Fox reports this morning that the Fantastic Four reboot grossed $11.3 million in first place on its opening day Friday, including Thursday night's $2.7 million from early shows. That's a hugely disappointing start for the third attempt to bring the respected comic book property to the big screen, falling 49 percent short of Fantastic Four: The Rise of the Silver Surfer's $21.99 million first day in 2007 (the first film bowed to a similar $21.3 million opening day in 2005). Moreover, it marks one of the ten weakest opening days ever for a Marvel-based adaptation (of which there are nearly 40, if you can believe it) -- and the lowest since 2012's Ghost Rider: Spirit of Vengeance ($6.94 million).
Despite tracking fairly well in recent weeks, the reboot's toxic reviews are certainly having an effect on the opening. Rotten Tomatoes critics' have given it just 9 percent as of Saturday morning, while audiences themselves have given it a sour 28 percent score so far. For the record, that's an abnormally low score after a high profile film's single day of release, and is the second lowest of any movie since we began tracking Saturday morning scores in 2013 (Devil's Due claimed 21 percent).
Needless to say, Fantastic Four will not have a long lifespan in theaters, and we're confident the negative buzz will impact the rest of the weekend itself (not unlike 2011's poorly received Green Lantern, which dropped 22 percent from Friday to Saturday). BoxOffice is projecting an opening frame around $27 million, putting the flick in second place.
The film we project will end up ahead of Fantastic Four for the weekend is Mission: Impossible - Rogue Nation, which earned an estimated $8.165 million in second place yesterday. That's down about 60 percent from opening day last week, comparable to the 58.5 percent Friday-to-Friday drop of August 2011's Rise of the Planet of the Apes. Rogue Nation's eight-day domestic total stands at $87.4 million, putting it 2 percent ahead of the pace of the Apes reboot and 29 percent ahead of 2006's Mission: Impossible III. BoxOffice projects a strong $28 million sophomore frame.

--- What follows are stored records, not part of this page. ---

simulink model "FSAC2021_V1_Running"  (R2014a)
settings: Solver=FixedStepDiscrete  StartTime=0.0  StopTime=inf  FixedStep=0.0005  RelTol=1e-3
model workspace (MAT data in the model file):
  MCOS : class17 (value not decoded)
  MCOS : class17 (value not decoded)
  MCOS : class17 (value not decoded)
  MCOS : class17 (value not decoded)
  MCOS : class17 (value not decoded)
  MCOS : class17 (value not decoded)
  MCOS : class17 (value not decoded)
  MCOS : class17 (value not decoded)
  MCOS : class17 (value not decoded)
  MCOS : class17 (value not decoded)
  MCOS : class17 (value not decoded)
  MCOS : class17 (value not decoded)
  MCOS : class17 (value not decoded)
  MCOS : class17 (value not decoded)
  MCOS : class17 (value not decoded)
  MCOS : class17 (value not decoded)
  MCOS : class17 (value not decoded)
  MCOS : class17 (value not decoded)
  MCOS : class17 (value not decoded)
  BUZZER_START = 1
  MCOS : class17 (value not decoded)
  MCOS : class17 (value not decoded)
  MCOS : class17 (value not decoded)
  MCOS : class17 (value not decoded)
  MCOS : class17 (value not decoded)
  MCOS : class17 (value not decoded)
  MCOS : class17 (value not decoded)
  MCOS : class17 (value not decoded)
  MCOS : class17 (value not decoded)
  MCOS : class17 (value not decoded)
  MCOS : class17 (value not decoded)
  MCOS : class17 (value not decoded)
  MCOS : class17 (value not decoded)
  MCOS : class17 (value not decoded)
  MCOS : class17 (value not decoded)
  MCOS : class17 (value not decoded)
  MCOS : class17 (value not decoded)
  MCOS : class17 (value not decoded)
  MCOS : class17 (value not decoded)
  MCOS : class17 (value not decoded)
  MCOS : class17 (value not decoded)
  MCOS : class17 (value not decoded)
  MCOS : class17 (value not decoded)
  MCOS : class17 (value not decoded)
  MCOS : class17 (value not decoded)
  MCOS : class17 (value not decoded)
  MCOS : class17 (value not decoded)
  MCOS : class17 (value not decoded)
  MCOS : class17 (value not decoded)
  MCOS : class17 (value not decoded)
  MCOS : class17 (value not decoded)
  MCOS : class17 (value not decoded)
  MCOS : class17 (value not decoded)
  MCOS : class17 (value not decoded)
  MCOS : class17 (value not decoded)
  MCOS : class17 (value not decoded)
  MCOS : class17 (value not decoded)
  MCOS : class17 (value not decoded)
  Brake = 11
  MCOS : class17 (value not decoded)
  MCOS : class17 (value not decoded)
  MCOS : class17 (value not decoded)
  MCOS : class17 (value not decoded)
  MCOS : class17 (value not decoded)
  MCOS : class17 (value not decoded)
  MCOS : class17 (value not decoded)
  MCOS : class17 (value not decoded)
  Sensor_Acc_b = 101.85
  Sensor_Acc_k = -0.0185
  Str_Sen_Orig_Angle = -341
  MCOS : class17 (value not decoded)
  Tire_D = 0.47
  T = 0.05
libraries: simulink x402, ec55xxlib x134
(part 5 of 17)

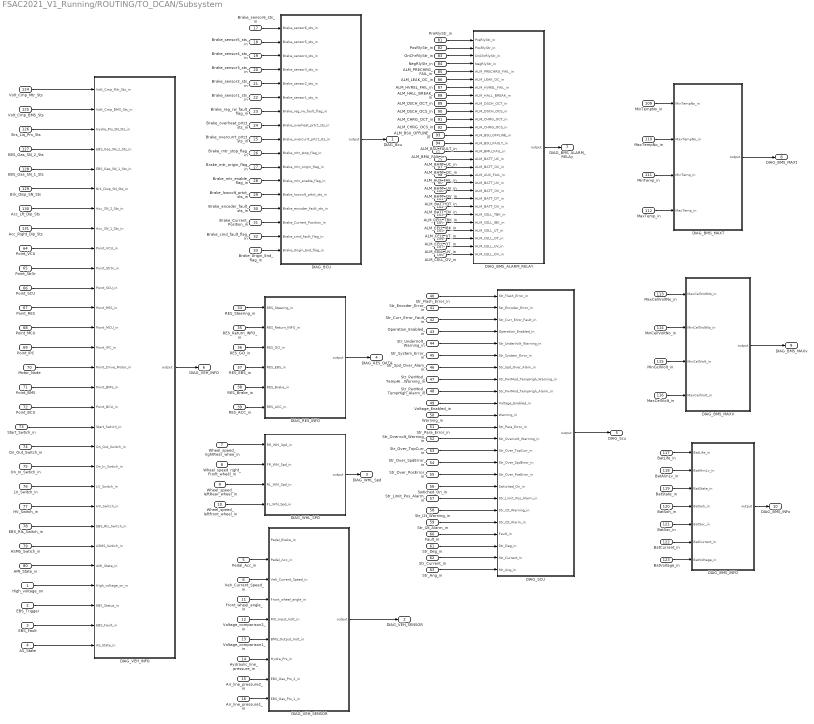
== system FSAC2021_V1_Running/ROUTING/TO_DCAN/Subsystem ==
  High_voltage_on : Inport
  EBS_Trigger : Inport  Port=2
  EBS_Fault : Inport  Port=3
  AS_State : Inport  Port=4
  Pedal_Acc_in : Inport  Port=5
  Veh_Current_Speed_in : Inport  Port=6
  Wheel_speed_rightRear_whee_in : Inport  Port=7
  Wheel_speed_right_Front_wheel_in : Inport  Port=8
  Wheel_speed_leftRear_wheel_in : Inport  Port=9
  Wheel_speed_leftfront_wheel_in : Inport  Port=10
  Front_wheel_angle_in : Inport  Port=11
  Voltage_comparison2_in : Inport  Port=12
  Voltage_comparison1_in : Inport  Port=13
  Hydraulic_line_pressure_in : Inport  Port=14
  Air_line_pressure2_in : Inport  Port=15
  Air_line_pressure1_in : Inport  Port=16
  Brake_sensor6_sts_in : Inport  Port=17
  Brake_sensor5_sts_in : Inport  Port=18
  Brake_sensor4_sts_in : Inport  Port=19
  Brake_sensor3_sts_in : Inport  Port=20
  Brake_sensor2_sts_in : Inport  Port=21
  Brake_sensor1_sts_in : Inport  Port=22
  Brake_reg_rw_fault_flag_in : Inport  Port=23
  Brake_overheat_prtct_sts_in : Inport  Port=24
  Brake_overcurrt_prtct_sts_in : Inport  Port=25
  Brake_mtr_stop_flag_in : Inport  Port=26
  Brake_mtr_origin_flag_in : Inport  Port=27
  Brake_mtr_enable_flag_in : Inport  Port=28
  Brake_lowvolt_prtct_sts_in : Inport  Port=29
  Brake_encoder_fault_sts_in : Inport  Port=30
  Brake_Current_Position_in : Inport  Port=31
  Brake_cmd_fault_flag_in : Inport  Port=32
  Brake_0rigin_End_flag_in : Inport  Port=33
  RES_Steering_in : Inport  Port=34
  RES_Return_INFO_in : Inport  Port=35
  RES_GO_in : Inport  Port=36
  RES_EBS_in : Inport  Port=37
  RES_Brake_in : Inport  Port=38
  RES_ACC_in : Inport  Port=39
  Str_Flash_Error_in : Inport  Port=40
  Str_Encoder_Error_in : Inport  Port=41
  Str_Curr_Error_Fault_in : Inport  Port=42
  Operation_Enabled_in : Inport  Port=43
  Str_UnderVolt_Warning_in : Inport  Port=44
  Str_System_Error_in : Inport  Port=45
  Str_Spd_Over_Alam_in : Inport  Port=46
  Str_PwrMod_TempHigh_Warning_in : Inport  Port=47
  Str_PwrMod_TempHigh_Alarm_in : Inport  Port=48
  Voltage_Enabled_in : Inport  Port=49
  Warning_in : Inport  Port=50
  Str_Para_Error_in : Inport  Port=51
  Str_Overvolt_Warning_in : Inport  Port=52
  Str_Over_TopCurr_in : Inport  Port=53
  Str_Over_SpdError_in : Inport  Port=54
  Str_Over_PosError_in : Inport  Port=55
  Swtiched_On_in : Inport  Port=56
  Str_Limit_Pos_Alarm_in : Inport  Port=57
  Str_I2t_Warning_in : Inport  Port=58
  Str_I2t_Alarm_in : Inport  Port=59
  Fault_in : Inport  Port=60
  Str_Deg_in : Inport  Port=61
  Str_Current_in : Inport  Port=62
  Str_Ang_in : Inport  Port=63
  Point_VCU : Inport  Port=64
  Point_StrSr : Inport  Port=65
  Point_SCU : Inport  Port=66
  Point_RES : Inport  Port=67
  Point_MCU : Inport  Port=68
  Point_IPC : Inport  Port=69
  Motor_Node : Inport  Port=70
  Point_BMS : Inport  Port=71
  Point_BCU : Inport  Port=72
  Start_Swtich_in : Inport  Port=73
  On_Out_Switch_in : Inport  Port=74
  On_In_Swtich_in : Inport  Port=75
  LV_Switch_in : Inport  Port=76
  HV_Switch_in : Inport  Port=77
  EBS_Rls_Switch_in : Inport  Port=78
  ASMS_Swtich_in : Inport  Port=79
  AMI_State_in : Inport  Port=80
  PreRlyStr_in : Inport  Port=81
  PosRlyStr_in : Inport  Port=82
  OnChrRlyStr_in : Inport  Port=83
  NegRlyStr_in : Inport  Port=84
  ALM_PRECHRG_FAIL_in : Inport  Port=85
  ALM_LEAK_OC_in : Inport  Port=86
  ALM_HVREL_FAIL_in : Inport  Port=87
  ALM_HALL_BREAK_in : Inport  Port=88
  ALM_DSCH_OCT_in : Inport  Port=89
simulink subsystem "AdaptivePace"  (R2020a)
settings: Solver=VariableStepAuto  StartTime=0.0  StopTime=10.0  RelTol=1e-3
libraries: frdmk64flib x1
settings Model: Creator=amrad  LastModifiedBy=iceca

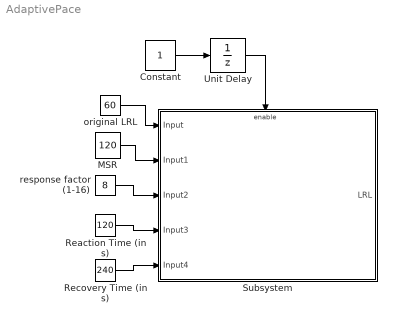
== system AdaptivePace ==
  Constant : Constant  OutDataTypeStr=boolean  SampleTime=0.1
  MSR : Constant  Value=120
  Reaction Time (in s) : Constant  Value=120
  Recovery Time (in s) : Constant  Value=240
  Subsystem : Subsystem
  Unit Delay : UnitDelay  SampleTime=-1  HasFrameUpgradeWarning=on
  original LRL : Constant  Value=60
  response factor (1-16) : Constant  Value=8
  wires:
  original LRL/1 -> Subsystem/1(Input)
  MSR/1 -> Subsystem/2(Input1)
  response factor (1-16)/1 -> Subsystem/3(Input2)
  Constant/1 -> Unit Delay/1
  Unit Delay/1 -> Subsystem/Enable
  Recovery Time (in s)/1 -> Subsystem/5(Input4)
  Reaction Time (in s)/1 -> Subsystem/4(Input3)

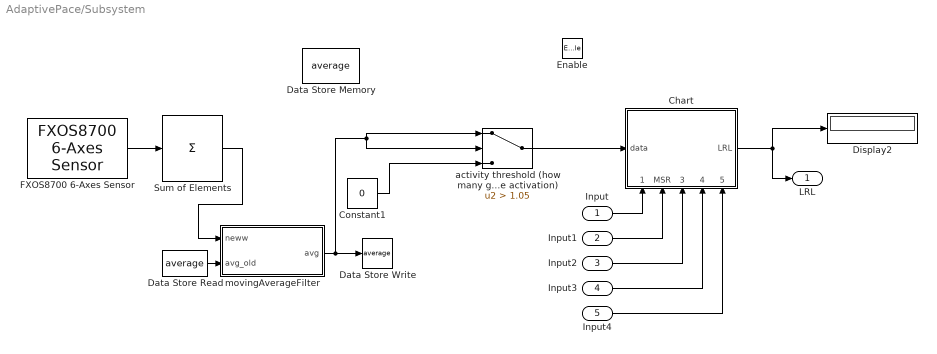
== system AdaptivePace/Subsystem ==
  Input : Inport
  Input1 : Inport  Port=2
  Input2 : Inport  Port=3
  Input3 : Inport  Port=4
  Input4 : Inport  Port=5
  Enable : EnablePort
  Chart : Stateflow chart  TreatAsAtomicUnit=on
      settings: PortSchema="{\"entries\":[{\"content\":{\"sides\":[{\"content\":{\"connectorIds\":[\"In6\"]},\"type\":\"ConnectorPlacement.EquallySpacedRectSide\",\"uuid\":\"5e590210-4b26-43ca-b410-899265592776\"},{\"content\":{\"connectorIds\":[\"Out1\"],\"side\":\"RIGHT\"},\"type\":\"ConnectorPlacement.EquallySpacedRectSide\",\"uuid\":\"99d9f5d1-b5a6-4f8b-b4f2-efe260ebc8c4\"},{\"content\":{\"connectorIds\":[],\"side\":\"TOP\"},\"type\":\"ConnectorPlacement.EquallySpacedRectSide\",\"uuid\":\"3c56162d-1f91-43ab-bf8d-9a1cf5be554c\"},{\"content\":{\"connectorIds\":[\"In1\",\"In2\",\"In3\",\"In4\",\"In5\"],\"side\":\"BOTTOM\"},\"type\":\"ConnectorPlacement.EquallySpacedRectSide\",\"uuid\":\"2e827a33-e1bf-40db-bbb6-314ece1f4eba\"}]},\"type\":\"ConnectorPlacement.EquallySpacedConnector\",\"uuid\":\"7a7dbe64-1607-48a8-bc2e-dcaf5b987588\"}],\"packageUris\":[\"http://schema.mathworks.com/mf0/Connector/19700101\"],\"version\":\"1.0\"}"
  Constant1 : Constant  Value=0  OutDataTypeStr=uint8
  Data Store Memory : DataStoreMemory  DataStoreName=average  ReadBeforeWriteMsg=warning  WriteAfterWriteMsg=warning  WriteAfterReadMsg=warning  ShowAdditionalParam=off
  Data Store Read : DataStoreRead  DataStoreName=average
  Data Store Write : DataStoreWrite  DataStoreName=average
  Display2 : Display
  FXOS8700 6-Axes Sensor : frdmk64flib/FXOS8700 6-Axes Sensor  Activesensor=Accelerometer only  ODR=800Hz  HybridODR=400Hz  Accelfullrange=-4g to +4g  SampleTime=-1
  Sum of Elements : Sum  Inputs=+
  activity threshold (how many gs before activation) : Switch  Criteria=u2 > Threshold  Threshold=1.05
  movingAverageFilter : MATLAB Function  TreatAsAtomicUnit=on
  LRL : Outport
  wires:
  FXOS8700 6-Axes Sensor/1 -> Sum of Elements/1
  Sum of Elements/1 -> movingAverageFilter/1(neww)
  Input2/1 -> Chart/3(ResponseFactor)
  Input1/1 -> Chart/2(MSR)
  Constant1/1 -> activity threshold (how many gs before activation)/3
  Chart/1(LRL) -> Display2/1, LRL/1
  Input/1 -> Chart/1(OLRL)
  activity threshold (how many gs before activation)/1 -> Chart/6(data)
  movingAverageFilter/1(avg) -> activity threshold (how many gs before activation)/2, activity threshold (how many gs before activation)/1, Data Store Write/1
  Input3/1 -> Chart/4(reactionTime)
  Input4/1 -> Chart/5(recoveryTime)
  Data Store Read/1 -> movingAverageFilter/2(avg_old)

== matlab function AdaptivePace/Subsystem/movingAverageFilter ==
  data: neww input; avg output; avg_old input
function avg = fcn(neww, avg_old)

avg = 0.9*avg_old+0.1*neww;

== stateflow chart AdaptivePace/Subsystem/Chart ==
  state start
    entry:
    LRL=OLRL
    RateChange=ResponseFactor/16
    diff=MSR-OLRL/RateChange
    reactionTick=reactionTime*1000/diff
    recoveryTick=recoveryTime*1000/diff
  state main
    entry:
  state Decreasing
    entry:
    LRL=LRL-RateChange
  state Increasing
    entry:
    LRL=LRL+RateChange
  (default) -> start
  start -> main
  main -> Decreasing [order 1] : [data==0 && LRL>OLRL]
  main -> Increasing [order 2] : [data>0 && LRL<MSR]
  Increasing -> main : [after(reactionTick,msec)]
  Decreasing -> main : [after(recoveryTick,msec)]
  data: OLRL input; MSR input; ResponseFactor input; reactionTime input; recoveryTime input; data input; LRL output double; RateChange local; recoveryTick local; reactionTick local; diff local
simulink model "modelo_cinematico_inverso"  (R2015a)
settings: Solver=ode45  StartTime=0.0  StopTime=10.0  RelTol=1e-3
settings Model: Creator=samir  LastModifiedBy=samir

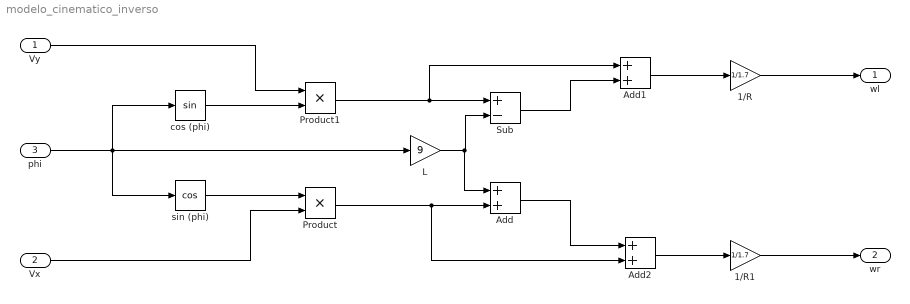
== system modelo_cinematico_inverso ==
  Vy : Inport
  Vx : Inport  Port=2
  phi : Inport  Port=3
  "1/R " : Gain  Gain=1/1.7
  1/R1 : Gain  Gain=1/1.7
  "Add " : Sum
  Add1 : Sum
  Add2 : Sum
  L : Gain  Gain=9
  Product : Product
  Product1 : Product
  Sub : Sum  Inputs=+-
  cos (phi) : Trigonometry
  sin (phi) : Trigonometry  Operator=cos
  wl : Outport
  wr : Outport  Port=2
  wires:
  phi/1 -> sin (phi)/1, L/1, cos (phi)/1
  cos (phi)/1 -> Product1/2
  Vy/1 -> Product1/1
  sin (phi)/1 -> Product/1
  Vx/1 -> Product/2
  Product1/1 -> Add1/1, Sub/1
  L/1 -> "Add "/1, Sub/2
  Product/1 -> Add2/2, "Add "/2
  Sub/1 -> Add1/2
  "Add "/1 -> Add2/1
  Add1/1 -> "1/R "/1
  Add2/1 -> 1/R1/1
  1/R1/1 -> wr/1
  "1/R "/1 -> wl/1

Debuting in third place yesterday was STX Entertainment's The Gift with an excellent $4.1 million. The thriller from writer/director/actor Joel Edgerton is riding a wave of fantastic reviews (92 percent on Rotten Tomatoes) and encouraging early word of mouth (85 percent on Flixster). All the more impressive for the sleeper title is its $5 million production budget, which will easily be made back this weekend. The studio notes that 53 percent of the audience was female and 73 percent over the age of 25. Look for an opening weekend around $10.6 million.
Vacation claimed fourth on Friday with another $2.655 million, down 41 percent from last Friday. With $30.84 million in the bank so far, the franchise revival pic seems to be leveling out somewhat. BoxOffice projects an $8.8 million sophomore weekend.
Ant-Man completed the top five with $2.256 million yesterday, down 39 percent from last Friday and bringing its haul up to $141.9 million. BoxOffice projects a $7.9 million weekend.
Just behind in sixth place was the debut of Ricki and the Flash with $2.25 million. The Meryl Streep-led dramedy's debut was in line with the Wednesday opening figure of $2.27 million by the actress' August 2012 release, Hope Springs. The studio notes the pic received a "B+" CinemaScore from the core female demo, and a "B" overall. Critics are mixed on the film (59 percent), as are Flixster users (56 percent). The production budget was $18 million, and the film expands to over 2,000 theaters next weekend. The studio projects a $7.2 million opening frame.
Meanwhile, Shaun the Sheep added $1.22 million yesterday, giving it a three-day total of $2.79 million. Despite excellent reviews (99 percent on Rotten Tomatoes) and considerable success with overseas crowds, the clay-mation release unfortunately isn't find a large audience domestically. Look for a weekend around $4 million, giving it an overall five-day bow of $6.8 million.